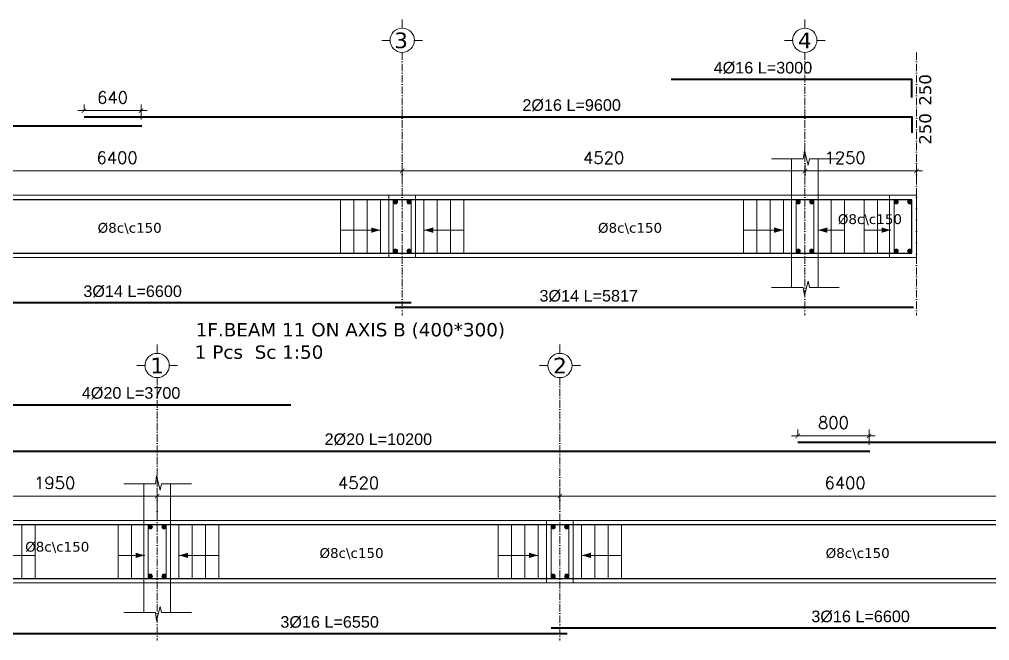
# Model space of a CAD drawing. Header units: inches. Extents: x -17020 to 43805, y -10194 to 123061.
# Drawn here: x 16658 to 17747, y 113542 to 114239 of the extents above; entities that cross this region are included whole.
import ezdxf

# ---------------------------------------------------------------- set-up
doc = ezdxf.new("R2010")
doc.units = ezdxf.units.IN
doc.header["$LTSCALE"] = 0.7
doc.header["$MEASUREMENT"] = 0
doc.linetypes.add('ACAD_ISO10W100', pattern=[18, 12, -3, 0, -3])
doc.layers.get('0').update_dxf_attribs({"lineweight": 13})
doc.layers.get('Defpoints').update_dxf_attribs({"lineweight": 5})
for name, color, linetype, lineweight in [('axis', 254, 'ACAD_ISO10W100', 9), ('BEAM FRAME', 5, 'Continuous', 18), ('COLUMN', 4, 'Continuous', 20), ('elevline', 30, 'Continuous', 20), ('FRAME 070', 5, 'Continuous', 60), ('hatch', 9, 'Continuous', 9), ('renforcment', 141, 'Continuous', 40), ('tex', 3, 'Continuous', 25), ('TEXT', 3, 'Continuous', 25), ('top rein. extension', 50, 'Continuous', 20), ('top renforcment', 7, 'Continuous', 40)]:
    doc.layers.add(name, color=color, linetype=linetype, lineweight=lineweight)
doc.styles.add('100', font='romans.shx', dxfattribs={"height": 13.5})
doc.styles.add('romanc', font='verdana.ttf', dxfattribs={"height": 250})
doc.styles.get("Standard").update_dxf_attribs({"font": 'arial.ttf', "height": 13})
doc.dimstyles.new('100', dxfattribs={"dimtxt": 13.5, "dimasz": 5, "dimexe": 7, "dimexo": 7, "dimgap": 8, "dimtad": 1, "dimdec": 0, "dimlfac": 10, "dimzin": 4, "dimdsep": 46, "dimtxsty": '100', "dimblk": 'ARCHTICK', "dimcen": 0.09, "dimdle": 7, "dimclrd": 1, "dimclre": 8, "dimclrt": 2, "dimadec": 0, "dimazin": 1, "dimtfac": 1, "dimtdec": 0, "dimtix": 1, "dimtofl": 0, "dimtmove": 0, "dimatfit": 3, "dimldrblk": 'ARCHTICK', "dimfxl": 0.18, "dimtolj": 1, "dimtzin": 0, "dimlwd": -1, "dimlwe": -1, "dimarcsym": 0})
doc.dimstyles.get("Standard").update_dxf_attribs({"dimtxt": 13, "dimasz": 5, "dimexe": 0.18, "dimexo": 0.0625, "dimgap": 6, "dimtad": 1, "dimdec": 0, "dimlfac": 10, "dimzin": 0, "dimdsep": 46, "dimtxsty": 'Standard', "dimblk": 'ARCHTICK', "dimcen": 0.09, "dimse1": 1, "dimse2": 1, "dimclrd": 1, "dimclre": 7, "dimclrt": 3, "dimadec": 0, "dimazin": 0, "dimtfac": 1, "dimtdec": 0, "dimtix": 1, "dimtofl": 0, "dimtmove": 0, "dimatfit": 3, "dimldrblk": 'ARCHTICK', "dimfxl": 1, "dimtolj": 1, "dimtzin": 0, "dimarcsym": 0})

# ---------------------------------------------------------------- blocks, each defined once
blk = doc.blocks.new('*D516')
at = {"layer": 'Defpoints', "color": 0, "transparency": 16777216}
for p in [(15955.8, 114119.5, -218.4), (15955.8, 114119.5), (16795.7, 114119.5, -167.8)]:
    blk.add_point(p, dxfattribs=at)
at = {"layer": 'TEXT', "color": 3, "transparency": 16777216, "insert": (16279.5, 114132.5), "char_height": 13, "attachment_point": 5}
blk.add_mtext('\\A1;2%%C16 L=8400', dxfattribs=at)
blk = doc.blocks.new('_ArchTick')
at = {"color": 0, "linetype": 'ByBlock', "lineweight": 0, "const_width": 0.15}
blk.add_lwpolyline([(-0.5, -0.5), (0.5, 0.5)], dxfattribs=at)
blk = doc.blocks.new('*D517')
at = {"color": 8, "transparency": 16777216}
for p, q in [((17087.8, 114062.3), (17087.8, 114075.9)), ((17539.8, 114062.9), (17539.8, 114075.9))]:
    blk.add_line(p, q, dxfattribs=at)
at = {"color": 1, "transparency": 16777216}
blk.add_line((17080.8, 114068.9), (17546.8, 114068.9), dxfattribs=at)
at = {"layer": 'Defpoints', "color": 0, "transparency": 16777216}
for p in [(17539.8, 114068.9), (17087.8, 114055.3), (17539.8, 114055.9)]:
    blk.add_point(p, dxfattribs=at)
at = {"color": 1, "transparency": 16777216, "xscale": 5, "yscale": 5, "zscale": 5, "rotation": 180}
blk.add_blockref('_ArchTick', (17087.8, 114068.9), dxfattribs=at)
at = {"color": 1, "transparency": 16777216, "xscale": 5, "yscale": 5, "zscale": 5}
blk.add_blockref('_ArchTick', (17539.8, 114068.9), dxfattribs=at)
at = {"color": 2, "transparency": 16777216, "insert": (17313.8, 114083.7), "char_height": 13.5, "attachment_point": 5, "style": '100'}
blk.add_mtext('\\A1;4520', dxfattribs=at)
blk = doc.blocks.new('*D518')
at = {"layer": 'Defpoints', "color": 0, "transparency": 16777216}
for p in [(16730.7, 114129.5, -157.8), (16730.7, 114129.5), (17690.8, 114129.5, -218.5)]:
    blk.add_point(p, dxfattribs=at)
at = {"layer": 'TEXT', "color": 3, "transparency": 16777216, "insert": (17277.9, 114142.5), "char_height": 13, "attachment_point": 5}
blk.add_mtext('\\A1;2%%C16 L=9600', dxfattribs=at)
blk = doc.blocks.new('*D526')
at = {"color": 8, "transparency": 16777216}
for p, q in [((16730.7, 114136.5), (16730.7, 114143.5)), ((16794.7, 114126.5), (16794.7, 114143.5))]:
    blk.add_line(p, q, dxfattribs=at)
at = {"color": 1, "transparency": 16777216}
blk.add_line((16801.7, 114136.5), (16723.7, 114136.5), dxfattribs=at)
at = {"layer": 'Defpoints', "color": 0, "transparency": 16777216}
for p in [(16730.7, 114136.5), (16730.7, 114129.5), (16794.7, 114119.5)]:
    blk.add_point(p, dxfattribs=at)
at = {"color": 1, "transparency": 16777216, "xscale": 5, "yscale": 5, "zscale": 5, "rotation": 180}
blk.add_blockref('_ArchTick', (16730.7, 114136.5), dxfattribs=at)
at = {"color": 1, "transparency": 16777216, "xscale": 5, "yscale": 5, "zscale": 5}
blk.add_blockref('_ArchTick', (16794.7, 114136.5), dxfattribs=at)
at = {"color": 2, "transparency": 16777216, "insert": (16762.7, 114151.2), "char_height": 13.5, "attachment_point": 5, "style": '100'}
blk.add_mtext('\\A1;640', dxfattribs=at)
blk = doc.blocks.new('*D519')
at = {"color": 8, "transparency": 16777216}
for p, q in [((16447.8, 114060), (16447.8, 114075.9)), ((17087.8, 114062.3), (17087.8, 114075.9))]:
    blk.add_line(p, q, dxfattribs=at)
at = {"color": 1, "transparency": 16777216}
blk.add_line((17094.8, 114068.9), (16440.8, 114068.9), dxfattribs=at)
at = {"layer": 'Defpoints', "color": 0, "transparency": 16777216}
for p in [(16447.8, 114068.9), (16447.8, 114053), (17087.8, 114055.3)]:
    blk.add_point(p, dxfattribs=at)
at = {"color": 1, "transparency": 16777216, "xscale": 5, "yscale": 5, "zscale": 5, "rotation": 180}
blk.add_blockref('_ArchTick', (16447.8, 114068.9), dxfattribs=at)
at = {"color": 1, "transparency": 16777216, "xscale": 5, "yscale": 5, "zscale": 5}
blk.add_blockref('_ArchTick', (17087.8, 114068.9), dxfattribs=at)
at = {"color": 2, "transparency": 16777216, "insert": (16767.8, 114083.7), "char_height": 13.5, "attachment_point": 5, "style": '100'}
blk.add_mtext('\\A1;6400', dxfattribs=at)
blk = doc.blocks.new('*D521')
at = {"layer": 'Defpoints', "color": 0, "transparency": 16777216}
for p in [(17389.8, 114171.4, -209.5), (17689.8, 114171.4, -218.4), (17689.8, 114171.4)]:
    blk.add_point(p, dxfattribs=at)
at = {"layer": 'TEXT', "color": 3, "transparency": 16777216, "insert": (17492.6, 114184.4), "char_height": 13, "attachment_point": 5}
blk.add_mtext('\\A1;4%%C16 L=3000', dxfattribs=at)
blk = doc.blocks.new('*D523')
at = {"layer": 'Defpoints', "color": 0, "transparency": 16777216}
for p in [(16437.8, 113920.7, -13652.7), (17097.8, 113920.7, -37100.9), (17097.8, 113920.7)]:
    blk.add_point(p, dxfattribs=at)
at = {"layer": 'TEXT', "color": 3, "transparency": 16777216, "insert": (16785.2, 113933.7), "char_height": 13, "attachment_point": 5}
blk.add_mtext('\\A1;3%%C14 L=6600', dxfattribs=at)
blk = doc.blocks.new('*D524')
at = {"color": 8, "transparency": 16777216}
for p, q in [((17539.8, 114062.8), (17539.8, 114075.9)), ((17664.8, 114062.6), (17664.8, 114075.9))]:
    blk.add_line(p, q, dxfattribs=at)
at = {"color": 1, "transparency": 16777216}
blk.add_line((17671.8, 114068.9), (17532.8, 114068.9), dxfattribs=at)
at = {"layer": 'Defpoints', "color": 0, "transparency": 16777216}
for p in [(17539.8, 114068.9), (17539.8, 114055.8), (17664.8, 114055.6)]:
    blk.add_point(p, dxfattribs=at)
at = {"color": 1, "transparency": 16777216, "xscale": 5, "yscale": 5, "zscale": 5, "rotation": 180}
blk.add_blockref('_ArchTick', (17539.8, 114068.9), dxfattribs=at)
at = {"color": 1, "transparency": 16777216, "xscale": 5, "yscale": 5, "zscale": 5}
blk.add_blockref('_ArchTick', (17664.8, 114068.9), dxfattribs=at)
at = {"color": 2, "transparency": 16777216, "insert": (17584.8, 114083.7), "char_height": 13.5, "attachment_point": 5, "style": '100'}
blk.add_mtext('\\A1;1250', dxfattribs=at)
blk = doc.blocks.new('*D525')
at = {"layer": 'Defpoints', "color": 0, "transparency": 16777216}
for p in [(17079.8, 113915.6, -13652.7), (17661.5, 113915.6, -37100.9), (17661.5, 113915.6)]:
    blk.add_point(p, dxfattribs=at)
at = {"layer": 'TEXT', "color": 3, "transparency": 16777216, "insert": (17297.1, 113928.6), "char_height": 13, "attachment_point": 5}
blk.add_mtext('\\A1;3%%C14 L=5817', dxfattribs=at)
blk = doc.blocks.new('*D564')
at = {"layer": 'Defpoints', "color": 0, "transparency": 16777216}
for p in [(16592.8, 113754.7, -218.4), (16592.8, 113754.7), (17612.7, 113754.7, -167.8)]:
    blk.add_point(p, dxfattribs=at)
at = {"layer": 'TEXT', "color": 3, "transparency": 16777216, "insert": (17061, 113767.7), "char_height": 13, "attachment_point": 5}
blk.add_mtext('\\A1;2%%C20 L=10200', dxfattribs=at)
blk = doc.blocks.new('*D566')
at = {"layer": 'Defpoints', "color": 0, "transparency": 16777216}
for p in [(17531.7, 113764.7, -157.8), (17531.7, 113764.7), (18532.8, 113764.7, -218.5)]:
    blk.add_point(p, dxfattribs=at)
at = {"layer": 'TEXT', "color": 3, "transparency": 16777216, "insert": (18103.9, 113777.7), "char_height": 13, "attachment_point": 5}
blk.add_mtext('\\A1;2%%C20 L=10010', dxfattribs=at)
blk = doc.blocks.new('*D576')
at = {"color": 1, "transparency": 16777216}
blk.add_line((17618.7, 113771.7), (17524.7, 113771.7), dxfattribs=at)
at = {"color": 8, "transparency": 16777216}
for p, q in [((17531.7, 113771.7), (17531.7, 113778.7)), ((17611.7, 113761.7), (17611.7, 113778.7))]:
    blk.add_line(p, q, dxfattribs=at)
at = {"layer": 'Defpoints', "color": 0, "transparency": 16777216}
for p in [(17531.7, 113771.7), (17531.7, 113764.7), (17611.7, 113754.7)]:
    blk.add_point(p, dxfattribs=at)
at = {"color": 1, "transparency": 16777216, "xscale": 5, "yscale": 5, "zscale": 5, "rotation": 180}
blk.add_blockref('_ArchTick', (17531.7, 113771.7), dxfattribs=at)
at = {"color": 1, "transparency": 16777216, "xscale": 5, "yscale": 5, "zscale": 5}
blk.add_blockref('_ArchTick', (17611.7, 113771.7), dxfattribs=at)
at = {"color": 2, "transparency": 16777216, "insert": (17571.7, 113786.5), "char_height": 13.5, "attachment_point": 5, "style": '100'}
blk.add_mtext('\\A1;800', dxfattribs=at)
blk = doc.blocks.new('*D567')
at = {"color": 1, "transparency": 16777216}
blk.add_line((17911.8, 113704.1), (17257.8, 113704.1), dxfattribs=at)
at = {"color": 8, "transparency": 16777216}
for p, q in [((17264.8, 113695.2), (17264.8, 113711.1)), ((17904.8, 113697.5), (17904.8, 113711.1))]:
    blk.add_line(p, q, dxfattribs=at)
at = {"layer": 'Defpoints', "color": 0, "transparency": 16777216}
for p in [(17264.8, 113704.1), (17264.8, 113688.2), (17904.8, 113690.5)]:
    blk.add_point(p, dxfattribs=at)
at = {"color": 1, "transparency": 16777216, "xscale": 5, "yscale": 5, "zscale": 5, "rotation": 180}
blk.add_blockref('_ArchTick', (17264.8, 113704.1), dxfattribs=at)
at = {"color": 1, "transparency": 16777216, "xscale": 5, "yscale": 5, "zscale": 5}
blk.add_blockref('_ArchTick', (17904.8, 113704.1), dxfattribs=at)
at = {"color": 2, "transparency": 16777216, "insert": (17584.8, 113718.9), "char_height": 13.5, "attachment_point": 5, "style": '100'}
blk.add_mtext('\\A1;6400', dxfattribs=at)
blk = doc.blocks.new('*D568')
at = {"color": 1, "transparency": 16777216}
blk.add_line((16805.8, 113704.1), (17271.8, 113704.1), dxfattribs=at)
at = {"color": 8, "transparency": 16777216}
for p, q in [((16812.8, 113682.9), (16812.8, 113711.1)), ((17264.8, 113695.2), (17264.8, 113711.1))]:
    blk.add_line(p, q, dxfattribs=at)
at = {"layer": 'Defpoints', "color": 0, "transparency": 16777216}
for p in [(17264.8, 113704.1), (17264.8, 113688.2), (16812.8, 113675.9)]:
    blk.add_point(p, dxfattribs=at)
at = {"color": 1, "transparency": 16777216, "xscale": 5, "yscale": 5, "zscale": 5, "rotation": 180}
blk.add_blockref('_ArchTick', (16812.8, 113704.1), dxfattribs=at)
at = {"color": 1, "transparency": 16777216, "xscale": 5, "yscale": 5, "zscale": 5}
blk.add_blockref('_ArchTick', (17264.8, 113704.1), dxfattribs=at)
at = {"color": 2, "transparency": 16777216, "insert": (17038.8, 113718.9), "char_height": 13.5, "attachment_point": 5, "style": '100'}
blk.add_mtext('\\A1;4520', dxfattribs=at)
blk = doc.blocks.new('*D569')
at = {"layer": 'Defpoints', "color": 0, "transparency": 16777216}
for p in [(16592.8, 113806.6, -218.4), (16592.8, 113806.6), (16962.8, 113806.6, -209.5)]:
    blk.add_point(p, dxfattribs=at)
at = {"layer": 'TEXT', "color": 3, "transparency": 16777216, "insert": (16783.5, 113819.6), "char_height": 13, "attachment_point": 5}
blk.add_mtext('\\A1;4%%C20 L=3700', dxfattribs=at)
blk = doc.blocks.new('*D571')
at = {"layer": 'Defpoints', "color": 0, "transparency": 16777216}
for p in [(16617.8, 113549.8, -13652.7), (17272.8, 113549.8, -37100.9), (17272.8, 113549.8)]:
    blk.add_point(p, dxfattribs=at)
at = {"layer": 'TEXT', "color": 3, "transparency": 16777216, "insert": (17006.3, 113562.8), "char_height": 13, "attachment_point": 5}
━━━━━━━━━━━━━━━━━━━━
What is needed: Which lines of the listing include the string "font"? Pull them out.

Answer:
doc.styles.add('100', font='romans.shx', dxfattribs={"height": 13.5})
doc.styles.add('romanc', font='verdana.ttf', dxfattribs={"height": 250})
doc.styles.get("Standard").update_dxf_attribs({"font": 'arial.ttf', "height": 13})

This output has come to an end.